Your objective
Read the records below and copy each line that contains "projected".

======== Records provided

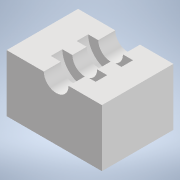
# Autodesk Inventor part: new_box_bottom
Saved by Autodesk Inventor 2021 (Build 250183000, 183)
## iProperties
Created: 2021-02-09
Part Number: new_box_bottom
Material: Generic
Document SubType Name: Modeling
Designer: user
Density: 1 g/cm^3
Appearance: Default
Author: user
Autodesk Inventor part; units mm, degrees
ref_plane "YZ Plane" through (0, 0, 0) normal (1, 0, 0) x (0, 1, 0)
ref_plane "XZ Plane" through (0, 0, 0) normal (0, 1, 0) x (-1, 0, 0)
ref_plane "XY Plane" through (0, 0, 0) normal (0, 0, 1) x (1, 0, 0)
sketch "Sketch1" plane through (0, 0, 0) normal (0, 1, 0) x (-1, 0, 0)
  line L0 (52, 58.6471) -> (-48, 58.6471)
  line L1 (-48, 58.6471) -> (-48, -16.3529)
  line L2 (-48, -16.3529) -> (52, -16.3529)
  line L3 (52, -16.3529) -> (52, 58.6471)
  point P0 (0, 0)
  dimension "d0" = 100
  dimension "d1" = 75
  constraints: 8 end point, 2 parallel, 1 horizontal, 1 perpendicular
  measures "d0" distance of L0.end L0.start
  measures "d1" distance of L1.end L0.end
extrude "Extrusion1" add sketch "Sketch1" along normal blind 60
sketch "Sketch2" plane through (0, 60, 0) normal (0, 1, 0) x (1, 0, 0)
  line L0 (-47, -53.6471) -> (43, -53.6471)
  line L1 (43, -53.6471) -> (43, 11.3529)
  line L2 (43, 11.3529) -> (-47, 11.3529)
  line L3 (-47, 11.3529) -> (-47, -53.6471)
  line L4 (-52, 16.3529) -> (-52, -58.6471) projected
  line L5 (-52, -58.6471) -> (48, -58.6471) projected
  line L6 (48, 16.3529) -> (-52, 16.3529) projected
  line L7 (48, -58.6471) -> (48, 16.3529) projected
  point P0 (0, 0)
  dimension "d4" = 5
  dimension "d5" = 5
  dimension "d6" = 5
  dimension "d7" = 5
  constraints: 8 end point, 2 parallel, 1 horizontal, 1 perpendicular
  measures "d4" distance from line of L4 L0.start
  measures "d5" distance between parallel lines of L5 L0
  measures "d6" distance between parallel lines of L6 L2
  measures "d7" distance between parallel lines of L7 L1
extrude "Extrusion2" cut sketch "Sketch2" against normal blind 59 contours L3 L2 L1 L0
sketch "Sketch3" plane through (48, 0, -16.3529) normal (0, 0, -1) x (-1, 0, 0)
  circle A0 centre (48, 60) radius 13
  point P0 (48, 0)
  dimension "d10" = 26
  dimension "d11" = 60
  constraints: 1 centre point
  measures "d10" diameter of A0
  measures "d11" distance of point (48, 0) A0.centre
sketch "Sketch13" plane through (0, 1, 0) normal (0, 1, 0) x (1, 0, 0)
  line L0 (-47, -53.6471) -> (-47, 11.3529) projected
  line L1 (43, 11.3529) -> (43, -53.6471) projected
  line L2 (-47, 11.3529) -> (43, 11.3529)
  line L3 (43, 11.3529) -> (43, -13.6471)
  line L4 (43, -13.6471) -> (-47, -13.6471)
  line L5 (-47, -13.6471) -> (-47, 11.3529)
  point P0 (0, 0)
  dimension "d44" = 25
  constraints: 8 end point, 2 parallel, 1 horizontal, 1 perpendicular, 1 point on line
  measures "d44" distance between parallel lines of L2 L4
extrude "Extrusion14" add sketch "Sketch13" along normal blind 59
sketch "Sketch14" plane through (-47, 1, 13.6471) normal (0, 0, 1) x (1, 0, 0)
  line L0 (0, 59) -> (90, 59) projected
  circle A0 centre (47, 59) radius 23.505
  point P0 (47, -1)
  dimension "d47" = 47.01
  constraints: 1 centre point, 1 point on line
  measures "d47" diameter of A0
extrude "Extrusion15" cut sketch "Sketch14" against normal blind 12.1
sketch "Sketch15" plane through (0, 1, 0) normal (0, 1, 0) x (1, 0, 0)
  line L0 (-47, -53.6471) -> (-47, -13.6471) projected
  line L1 (43, -13.6471) -> (43, -53.6471) projected
  line L2 (-47, -53.6471) -> (43, -53.6471)
  line L3 (43, -53.6471) -> (43, -28.6471)
  line L4 (43, -28.6471) -> (-47, -28.6471)
  line L5 (-47, -28.6471) -> (-47, -53.6471)
  point P0 (0, 0)
  point P1 (-47, -28.6471)
  dimension "d50" = 25
  constraints: 8 end point, 2 parallel, 1 horizontal, 1 perpendicular, 1 point on line
  measures "d50" distance between parallel lines of L4 L2
extrude "Extrusion16" add sketch "Sketch15" along normal blind 59
sketch "Sketch16" plane through (43, 1, 28.6471) normal (0, 0, -1) x (-1, 0, 0)
  line L0 (0, 59) -> (90, 59) projected
  circle A0 centre (43, 59) radius 23.505
  point P0 (43, -1)
  dimension "d53" = 47.01
  constraints: 1 centre point, 1 point on line
  measures "d53" diameter of A0
extrude "Extrusion17" cut sketch "Sketch16" against normal blind 12.1
sketch "Sketch17" plane through (0, 1, 0) normal (0, 1, 0) x (1, 0, 0)
  line L0 (23.505, -13.6471) -> (43, -13.6471) projected
  line L1 (-47, -28.6471) -> (43, -28.6471)
  line L2 (43, -28.6471) -> (43, -13.6471)
  line L3 (43, -13.6471) -> (-47, -13.6471)
  line L4 (-47, -13.6471) -> (-47, -28.6471)
  point P0 (0, 0)
  constraints: 8 end point, 2 parallel, 1 horizontal, 1 perpendicular
extrude "Extrusion18" add sketch "Sketch17" along normal blind 59
extrude "Extrusion19" cut sketch "Sketch3" against normal blind 75
equation "\"d6\" = d5"
equation "\"d7\" = d4"
body "Solid2"

================

Written reply
  line L4 (-52, 16.3529) -> (-52, -58.6471) projected
  line L5 (-52, -58.6471) -> (48, -58.6471) projected
  line L6 (48, 16.3529) -> (-52, 16.3529) projected
  line L7 (48, -58.6471) -> (48, 16.3529) projected
  line L0 (-47, -53.6471) -> (-47, 11.3529) projected
  line L1 (43, 11.3529) -> (43, -53.6471) projected
  line L0 (0, 59) -> (90, 59) projected
  line L0 (-47, -53.6471) -> (-47, -13.6471) projected
  line L1 (43, -13.6471) -> (43, -53.6471) projected
  line L0 (0, 59) -> (90, 59) projected
  line L0 (23.505, -13.6471) -> (43, -13.6471) projected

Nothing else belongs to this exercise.